Caring for a senior dog requires patience, compassion, and extra attention. Incontinence is a common condition among older dogs that suffer involuntary loss of urine. Understanding what’s happening to your dog is essential for you to help your furry companion as they age. With proper care and love, you can help your older dog avoid health complications and feel as nurtured as when they were a young pup.
Dog incontinence refers to the leaking of urine from their bladder. When your potty-trained dog can no longer control passing of urine, you may either find small puddles or large amounts of pee around your home. While this can happen to dogs of any age, it’s more likely to occur with senior dogs.
Keep in mind that not all dog breeds age at the same rate. Small dogs become seniors at age 11, while giant breeds are seniors by the time they turn 7. Although dogs of any age can become incontinent, it’s more common with middle-aged or older dogs.
As they age, spayed females of the following breeds are more prone to develop incontinence:
- Cocker Spaniels
- Springer Spaniels
- Doberman Pinschers
- Old English Sheepdogs
If you suspect incontinence in your senior dog but aren’t completely sure, these are some signs to look for:
- Small or large puddles of urine on the floor.
- Wetness and urine smell in your dog’s bed.
- Frequent licking of the vulva or penis area.
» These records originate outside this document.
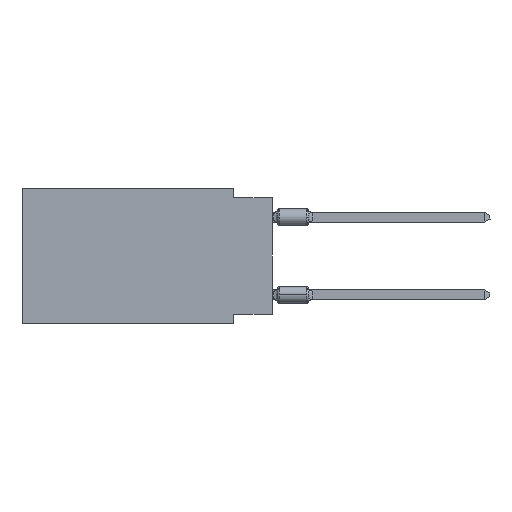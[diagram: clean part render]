
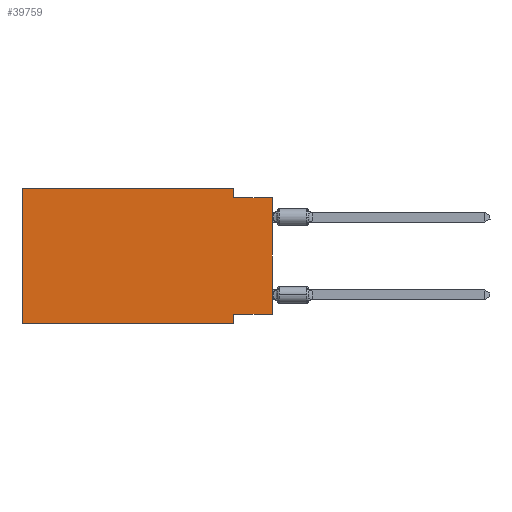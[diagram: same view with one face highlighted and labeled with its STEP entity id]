
A CAD part, left-side view. The second image highlights one B-rep face of the part: STEP entity #39759.
In plain terms, the highlighted planar face has unit normal (-1, 0, 0).
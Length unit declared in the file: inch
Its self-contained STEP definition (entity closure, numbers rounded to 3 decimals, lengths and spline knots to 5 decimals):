
#1094 = EDGE_CURVE ( 'NONE', #7200, #34271, #24321, .T. ) ;
#1792 = DIRECTION ( 'NONE',  ( 0., -1., 0. ) ) ;
#2064 = VECTOR ( 'NONE', #16429, 39.37008 ) ;
#2184 = DIRECTION ( 'NONE',  ( 0., 0., -1. ) ) ;
#2597 = DIRECTION ( 'NONE',  ( 0., 0., -1. ) ) ;
#3009 = VERTEX_POINT ( 'NONE', #53379 ) ;
#3027 = CARTESIAN_POINT ( 'NONE',  ( 0., 0.645, -0.35 ) ) ;
#5474 = CARTESIAN_POINT ( 'NONE',  ( 0., 0.1, -0.325 ) ) ;
#5514 = CARTESIAN_POINT ( 'NONE',  ( 0., 0.1, -0.025 ) ) ;
#6028 = CARTESIAN_POINT ( 'NONE',  ( 0., 0.645, 0. ) ) ;
#6404 = EDGE_CURVE ( 'NONE', #3009, #37174, #39988, .T. ) ;
#6475 = DIRECTION ( 'NONE',  ( 0., 1., 0. ) ) ;
#6872 = ORIENTED_EDGE ( 'NONE', *, *, #6404, .F. ) ;
#7200 = VERTEX_POINT ( 'NONE', #22787 ) ;
#7378 = EDGE_CURVE ( 'NONE', #37174, #37012, #45947, .T. ) ;
#9947 = LINE ( 'NONE', #36362, #50279 ) ;
#12422 = ORIENTED_EDGE ( 'NONE', *, *, #31131, .T. ) ;
#13573 = CARTESIAN_POINT ( 'NONE',  ( 0., 0.645, 0. ) ) ;
#15375 = AXIS2_PLACEMENT_3D ( 'NONE', #69291, #51464, #2597 ) ;
#16429 = DIRECTION ( 'NONE',  ( 0., 0., 1. ) ) ;
#19960 = DIRECTION ( 'NONE',  ( 0., -1., 0. ) ) ;
#20821 = ORIENTED_EDGE ( 'NONE', *, *, #7378, .F. ) ;
#22787 = CARTESIAN_POINT ( 'NONE',  ( 0., 0., -0.325 ) ) ;
#23121 = CARTESIAN_POINT ( 'NONE',  ( 0., 0.1, -0.35 ) ) ;
#23978 = CARTESIAN_POINT ( 'NONE',  ( 0., 0., -0.325 ) ) ;
#24211 = LINE ( 'NONE', #61638, #42753 ) ;
#24321 = LINE ( 'NONE', #23978, #45250 ) ;
#24451 = ORIENTED_EDGE ( 'NONE', *, *, #54711, .T. ) ;
#25794 = PLANE ( 'NONE',  #15375 ) ;
#27500 = DIRECTION ( 'NONE',  ( 0., 0., 1. ) ) ;
#27791 = CARTESIAN_POINT ( 'NONE',  ( 0., 0., -0.025 ) ) ;
#27834 = EDGE_CURVE ( 'NONE', #51029, #43485, #70277, .T. ) ;
#29914 = DIRECTION ( 'NONE',  ( 0., 0., -1. ) ) ;
#31131 = EDGE_CURVE ( 'NONE', #51029, #47694, #9947, .T. ) ;
#34271 = VERTEX_POINT ( 'NONE', #5474 ) ;
#36362 = CARTESIAN_POINT ( 'NONE',  ( 0., 0.645, -0.35 ) ) ;
#37012 = VERTEX_POINT ( 'NONE', #27791 ) ;
#37174 = VERTEX_POINT ( 'NONE', #5514 ) ;
#39305 = ORIENTED_EDGE ( 'NONE', *, *, #27834, .F. ) ;
#39759 = ADVANCED_FACE ( 'NONE', ( #52894 ), #25794, .F. ) ;
#39988 = LINE ( 'NONE', #55375, #59538 ) ;
#40474 = EDGE_CURVE ( 'NONE', #34271, #47694, #24211, .T. ) ;
#41664 = CARTESIAN_POINT ( 'NONE',  ( 0., 0., -0.025 ) ) ;
#42728 = EDGE_CURVE ( 'NONE', #43485, #3009, #62416, .T. ) ;
#42753 = VECTOR ( 'NONE', #29914, 39.37008 ) ;
#43485 = VERTEX_POINT ( 'NONE', #53410 ) ;
#45250 = VECTOR ( 'NONE', #6475, 39.37008 ) ;
#45718 = VECTOR ( 'NONE', #1792, 39.37008 ) ;
#45947 = LINE ( 'NONE', #41664, #47339 ) ;
#46823 = VECTOR ( 'NONE', #27500, 39.37008 ) ;
#47339 = VECTOR ( 'NONE', #68039, 39.37008 ) ;
#47694 = VERTEX_POINT ( 'NONE', #23121 ) ;
#50279 = VECTOR ( 'NONE', #19960, 39.37008 ) ;
#51029 = VERTEX_POINT ( 'NONE', #3027 ) ;
#51464 = DIRECTION ( 'NONE',  ( 1., 0., 0. ) ) ;
#52894 = FACE_OUTER_BOUND ( 'NONE', #61762, .T. ) ;
#53379 = CARTESIAN_POINT ( 'NONE',  ( 0., 0.1, 0. ) ) ;
#53410 = CARTESIAN_POINT ( 'NONE',  ( 0., 0.645, 0. ) ) ;
#54711 = EDGE_CURVE ( 'NONE', #7200, #37012, #65986, .T. ) ;
#54886 = ORIENTED_EDGE ( 'NONE', *, *, #1094, .F. ) ;
#55375 = CARTESIAN_POINT ( 'NONE',  ( 0., 0.1, 0. ) ) ;
#59538 = VECTOR ( 'NONE', #2184, 39.37008 ) ;
#59875 = ORIENTED_EDGE ( 'NONE', *, *, #40474, .F. ) ;
#61638 = CARTESIAN_POINT ( 'NONE',  ( 0., 0.1, -0.35 ) ) ;
#61762 = EDGE_LOOP ( 'NONE', ( #24451, #20821, #6872, #67454, #39305, #12422, #59875, #54886 ) ) ;
#62416 = LINE ( 'NONE', #13573, #45718 ) ;
#65986 = LINE ( 'NONE', #66675, #46823 ) ;
#66675 = CARTESIAN_POINT ( 'NONE',  ( 0., 0., 0. ) ) ;
#67454 = ORIENTED_EDGE ( 'NONE', *, *, #42728, .F. ) ;
#68039 = DIRECTION ( 'NONE',  ( 0., -1., 0. ) ) ;
#69291 = CARTESIAN_POINT ( 'NONE',  ( 0., 0.645, 0. ) ) ;
#70277 = LINE ( 'NONE', #6028, #2064 ) ;

- Dripping urine or damp legs.
There are many possible causes for incontinence in dogs. If your senior dog is having this issue, these may be some reasons why:
- Senility or other neurologic disorders
- Hormonal imbalance
- Bladder stones
- Weak bladder sphincter tone
- Urinary tract infections
- Spinal injuries
Your pup’s incontinence can lead to more complications than just a little pee on the floor. Urine is an irritant that can cause redness and scalding to the skin. When your dog’s bladder muscles are relaxed, it’s also easier for bacteria to travel up the urethra and cause an infection.
House-trained dogs that suffer incontinence feel embarrassed and guilty for peeing indoors. This can lead to depression as a secondary problem of incontinence.
If your dog suffers incontinence issues, the first step is to contact your vet. To determine the cause, your vet will perform a physical exam, ask you a series of questions, and run tests. These may include a urine culture, blood work, or X-rays. The vet will also want to check your furry friend for any urinary tract infections that could need antibiotics.
Management of your dog’s incontinence may vary, depending on what’s causing the condition. The different treatments include:
- Medication to prevent accidents
- Hormone therapy
- Strengthening of the urethral sphincter
- Collagen injections
Unless the vet says otherwise, keep your dog’s water intake at their normal level to avoid dehydration or urinary tract infections. It’s important to monitor these infections closely, as they can quickly accelerate in older dogs. With proper hygiene, you can also help prevent skin infections caused by urine.
Patience is key to living with dog incontinence. Remember that your pooch doesn’t mean to pee or upset you. In addition to your dog’s treatment, there are many things you can do to help your senior dog deal with their condition:
- Lay out clean dog blankets and towels on their bed.
- Place waterproof pads in different parts of the home.
- Take your pup on more frequent walks — especially when they wake up in the morning, after naps, and right before bed.
- Use disposable or washable doggy diapers for female pups.
- Get disposable or washable male dog wraps.
- Make the switch to a waterproof dog bed.
- Set up an indoor potty if your dog has trouble getting outside.
Caring for an elderly dog is a labor of love. If your senior dog is suffering from incontinence, it’s best to take them to the vet as soon as possible. Older dog incontinence is a condition that usually responds to treatment from a doctor. With proper nurturing and medical assistance, you can make your pup’s golden years easier on them and you.